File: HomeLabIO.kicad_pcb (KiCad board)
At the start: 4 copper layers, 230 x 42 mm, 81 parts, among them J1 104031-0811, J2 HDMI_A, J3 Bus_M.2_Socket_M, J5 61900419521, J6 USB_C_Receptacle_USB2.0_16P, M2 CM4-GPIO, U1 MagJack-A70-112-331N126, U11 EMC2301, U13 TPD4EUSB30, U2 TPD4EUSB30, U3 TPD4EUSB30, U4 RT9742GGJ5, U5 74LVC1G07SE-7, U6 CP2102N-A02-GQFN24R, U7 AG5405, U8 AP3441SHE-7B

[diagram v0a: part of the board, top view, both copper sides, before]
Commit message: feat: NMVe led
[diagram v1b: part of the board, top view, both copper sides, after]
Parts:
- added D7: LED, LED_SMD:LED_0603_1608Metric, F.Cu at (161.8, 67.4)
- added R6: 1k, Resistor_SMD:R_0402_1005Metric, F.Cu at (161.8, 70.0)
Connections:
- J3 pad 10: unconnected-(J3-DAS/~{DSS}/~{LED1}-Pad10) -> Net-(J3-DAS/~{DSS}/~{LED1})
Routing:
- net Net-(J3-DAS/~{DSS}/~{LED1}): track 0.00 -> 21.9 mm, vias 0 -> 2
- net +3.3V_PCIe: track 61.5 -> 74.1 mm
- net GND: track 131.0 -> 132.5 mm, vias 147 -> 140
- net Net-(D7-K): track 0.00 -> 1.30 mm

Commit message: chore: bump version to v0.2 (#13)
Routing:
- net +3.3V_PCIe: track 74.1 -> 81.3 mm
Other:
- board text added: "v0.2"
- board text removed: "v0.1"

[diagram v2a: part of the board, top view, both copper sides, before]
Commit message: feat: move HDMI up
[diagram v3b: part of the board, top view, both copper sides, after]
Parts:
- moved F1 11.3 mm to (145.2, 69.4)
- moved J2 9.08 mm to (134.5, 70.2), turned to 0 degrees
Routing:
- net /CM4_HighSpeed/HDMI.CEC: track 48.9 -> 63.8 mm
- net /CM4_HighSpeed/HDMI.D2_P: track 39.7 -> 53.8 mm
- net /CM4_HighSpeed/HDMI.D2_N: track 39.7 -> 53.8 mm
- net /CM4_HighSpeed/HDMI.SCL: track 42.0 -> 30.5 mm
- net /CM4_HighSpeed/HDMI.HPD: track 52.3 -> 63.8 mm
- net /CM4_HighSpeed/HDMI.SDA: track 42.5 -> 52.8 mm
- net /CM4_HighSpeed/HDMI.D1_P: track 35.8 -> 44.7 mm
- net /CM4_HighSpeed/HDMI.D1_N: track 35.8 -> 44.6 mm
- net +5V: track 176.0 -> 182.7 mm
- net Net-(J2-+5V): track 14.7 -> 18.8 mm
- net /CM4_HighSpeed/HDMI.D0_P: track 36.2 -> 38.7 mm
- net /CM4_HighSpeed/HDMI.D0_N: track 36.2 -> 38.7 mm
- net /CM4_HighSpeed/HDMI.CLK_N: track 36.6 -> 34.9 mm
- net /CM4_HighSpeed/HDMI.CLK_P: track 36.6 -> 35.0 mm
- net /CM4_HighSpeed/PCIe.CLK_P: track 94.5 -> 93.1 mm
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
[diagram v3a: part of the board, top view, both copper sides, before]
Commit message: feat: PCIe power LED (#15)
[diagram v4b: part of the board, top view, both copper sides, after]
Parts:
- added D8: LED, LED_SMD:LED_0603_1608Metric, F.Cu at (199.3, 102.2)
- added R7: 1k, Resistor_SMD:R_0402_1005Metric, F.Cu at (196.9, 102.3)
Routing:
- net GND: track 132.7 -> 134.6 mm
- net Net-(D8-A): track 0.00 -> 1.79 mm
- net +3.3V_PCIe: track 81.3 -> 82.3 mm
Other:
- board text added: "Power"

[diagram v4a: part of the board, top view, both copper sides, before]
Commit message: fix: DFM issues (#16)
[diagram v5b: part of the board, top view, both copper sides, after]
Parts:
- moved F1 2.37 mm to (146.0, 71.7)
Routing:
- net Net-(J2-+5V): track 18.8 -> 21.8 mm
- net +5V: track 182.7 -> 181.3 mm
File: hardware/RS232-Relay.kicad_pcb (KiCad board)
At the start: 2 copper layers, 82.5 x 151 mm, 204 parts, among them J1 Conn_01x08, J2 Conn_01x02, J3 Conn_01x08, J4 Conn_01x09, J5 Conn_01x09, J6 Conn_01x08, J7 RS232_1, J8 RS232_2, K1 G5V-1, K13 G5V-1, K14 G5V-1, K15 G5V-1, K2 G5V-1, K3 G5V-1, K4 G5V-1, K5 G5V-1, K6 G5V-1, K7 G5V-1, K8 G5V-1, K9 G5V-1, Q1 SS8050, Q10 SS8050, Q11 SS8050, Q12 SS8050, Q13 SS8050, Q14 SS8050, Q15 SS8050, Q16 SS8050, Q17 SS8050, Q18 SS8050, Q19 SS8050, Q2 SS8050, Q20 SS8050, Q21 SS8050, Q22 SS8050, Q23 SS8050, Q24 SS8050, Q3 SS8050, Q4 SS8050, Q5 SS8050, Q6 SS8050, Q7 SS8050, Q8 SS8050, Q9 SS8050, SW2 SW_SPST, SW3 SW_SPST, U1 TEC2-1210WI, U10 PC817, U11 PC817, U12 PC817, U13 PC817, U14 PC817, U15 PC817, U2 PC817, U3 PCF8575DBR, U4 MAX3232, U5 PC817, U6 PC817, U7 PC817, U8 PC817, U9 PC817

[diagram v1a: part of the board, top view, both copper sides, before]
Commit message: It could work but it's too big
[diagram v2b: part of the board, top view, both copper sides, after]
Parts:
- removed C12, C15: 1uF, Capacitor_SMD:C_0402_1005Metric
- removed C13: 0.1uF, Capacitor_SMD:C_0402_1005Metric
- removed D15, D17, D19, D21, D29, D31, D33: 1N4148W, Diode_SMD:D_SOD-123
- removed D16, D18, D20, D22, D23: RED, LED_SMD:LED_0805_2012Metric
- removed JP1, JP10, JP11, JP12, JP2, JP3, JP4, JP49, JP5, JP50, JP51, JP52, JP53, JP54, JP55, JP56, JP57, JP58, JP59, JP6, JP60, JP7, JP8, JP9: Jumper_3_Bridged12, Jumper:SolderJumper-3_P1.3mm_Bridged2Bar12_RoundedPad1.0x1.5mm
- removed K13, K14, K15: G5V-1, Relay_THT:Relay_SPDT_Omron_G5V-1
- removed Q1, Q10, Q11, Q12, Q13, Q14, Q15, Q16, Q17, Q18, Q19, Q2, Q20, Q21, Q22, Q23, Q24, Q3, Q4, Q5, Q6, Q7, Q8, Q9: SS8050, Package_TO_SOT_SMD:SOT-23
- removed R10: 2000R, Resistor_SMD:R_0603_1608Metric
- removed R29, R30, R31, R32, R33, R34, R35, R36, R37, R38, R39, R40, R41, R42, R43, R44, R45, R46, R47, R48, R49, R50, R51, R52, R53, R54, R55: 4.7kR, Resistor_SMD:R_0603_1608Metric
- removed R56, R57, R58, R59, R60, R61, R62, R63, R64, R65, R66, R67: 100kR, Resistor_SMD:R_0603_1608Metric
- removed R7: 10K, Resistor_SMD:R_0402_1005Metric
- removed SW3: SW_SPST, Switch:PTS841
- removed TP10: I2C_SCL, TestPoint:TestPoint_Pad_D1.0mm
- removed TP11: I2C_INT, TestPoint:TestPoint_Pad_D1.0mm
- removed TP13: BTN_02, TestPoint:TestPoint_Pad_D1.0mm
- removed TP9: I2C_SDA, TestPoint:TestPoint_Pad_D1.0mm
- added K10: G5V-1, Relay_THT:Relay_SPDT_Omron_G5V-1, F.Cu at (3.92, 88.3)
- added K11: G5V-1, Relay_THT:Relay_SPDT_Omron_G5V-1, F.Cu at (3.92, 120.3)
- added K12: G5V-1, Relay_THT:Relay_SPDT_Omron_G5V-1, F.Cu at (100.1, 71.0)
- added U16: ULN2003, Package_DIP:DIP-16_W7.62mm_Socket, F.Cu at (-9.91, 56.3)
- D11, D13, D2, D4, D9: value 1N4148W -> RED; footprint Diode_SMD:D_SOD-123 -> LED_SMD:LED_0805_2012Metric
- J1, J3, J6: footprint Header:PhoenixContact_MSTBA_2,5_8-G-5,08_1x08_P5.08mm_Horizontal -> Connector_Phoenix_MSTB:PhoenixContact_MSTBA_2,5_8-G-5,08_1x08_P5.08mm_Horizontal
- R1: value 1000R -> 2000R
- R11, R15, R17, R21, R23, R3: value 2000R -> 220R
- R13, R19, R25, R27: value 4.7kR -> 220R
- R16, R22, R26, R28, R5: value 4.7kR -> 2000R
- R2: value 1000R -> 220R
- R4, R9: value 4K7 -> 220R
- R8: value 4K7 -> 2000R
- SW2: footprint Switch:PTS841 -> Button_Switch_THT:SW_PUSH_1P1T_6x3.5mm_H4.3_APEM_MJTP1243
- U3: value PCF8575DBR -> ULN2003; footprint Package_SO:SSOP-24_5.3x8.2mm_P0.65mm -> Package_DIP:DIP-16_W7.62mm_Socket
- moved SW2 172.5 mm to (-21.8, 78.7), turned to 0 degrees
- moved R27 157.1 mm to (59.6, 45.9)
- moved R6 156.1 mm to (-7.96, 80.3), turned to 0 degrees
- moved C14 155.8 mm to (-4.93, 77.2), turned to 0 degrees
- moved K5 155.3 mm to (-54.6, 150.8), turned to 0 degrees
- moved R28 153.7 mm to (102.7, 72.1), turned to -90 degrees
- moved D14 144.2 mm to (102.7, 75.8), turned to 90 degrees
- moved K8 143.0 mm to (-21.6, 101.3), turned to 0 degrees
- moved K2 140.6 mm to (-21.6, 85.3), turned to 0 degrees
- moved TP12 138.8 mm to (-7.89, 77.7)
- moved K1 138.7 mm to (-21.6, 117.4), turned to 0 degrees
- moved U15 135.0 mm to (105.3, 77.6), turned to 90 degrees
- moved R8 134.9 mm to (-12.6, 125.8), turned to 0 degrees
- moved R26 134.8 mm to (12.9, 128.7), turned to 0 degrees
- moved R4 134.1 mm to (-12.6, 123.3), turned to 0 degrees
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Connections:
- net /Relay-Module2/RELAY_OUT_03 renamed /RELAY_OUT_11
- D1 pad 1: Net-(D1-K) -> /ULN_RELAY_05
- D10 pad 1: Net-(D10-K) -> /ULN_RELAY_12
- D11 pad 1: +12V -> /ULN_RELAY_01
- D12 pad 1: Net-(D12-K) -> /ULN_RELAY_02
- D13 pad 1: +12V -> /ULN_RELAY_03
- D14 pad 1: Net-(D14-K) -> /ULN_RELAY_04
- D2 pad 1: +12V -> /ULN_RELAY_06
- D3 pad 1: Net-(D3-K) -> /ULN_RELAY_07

---

**EXERCISE DETAILS**
Everything from the line with "Q9: SS8050, Package_TO_SOT_SMD:SOT-23" through the line with "R55: 4.7kR, Resistor_SMD:R_0603_1608Metric" should be written out exactly as it appears above, end lines included, and nothing outside that range.

**SOLUTION TO THIS TASK**
- removed Q1, Q10, Q11, Q12, Q13, Q14, Q15, Q16, Q17, Q18, Q19, Q2, Q20, Q21, Q22, Q23, Q24, Q3, Q4, Q5, Q6, Q7, Q8, Q9: SS8050, Package_TO_SOT_SMD:SOT-23
- removed R10: 2000R, Resistor_SMD:R_0603_1608Metric
- removed R29, R30, R31, R32, R33, R34, R35, R36, R37, R38, R39, R40, R41, R42, R43, R44, R45, R46, R47, R48, R49, R50, R51, R52, R53, R54, R55: 4.7kR, Resistor_SMD:R_0603_1608Metric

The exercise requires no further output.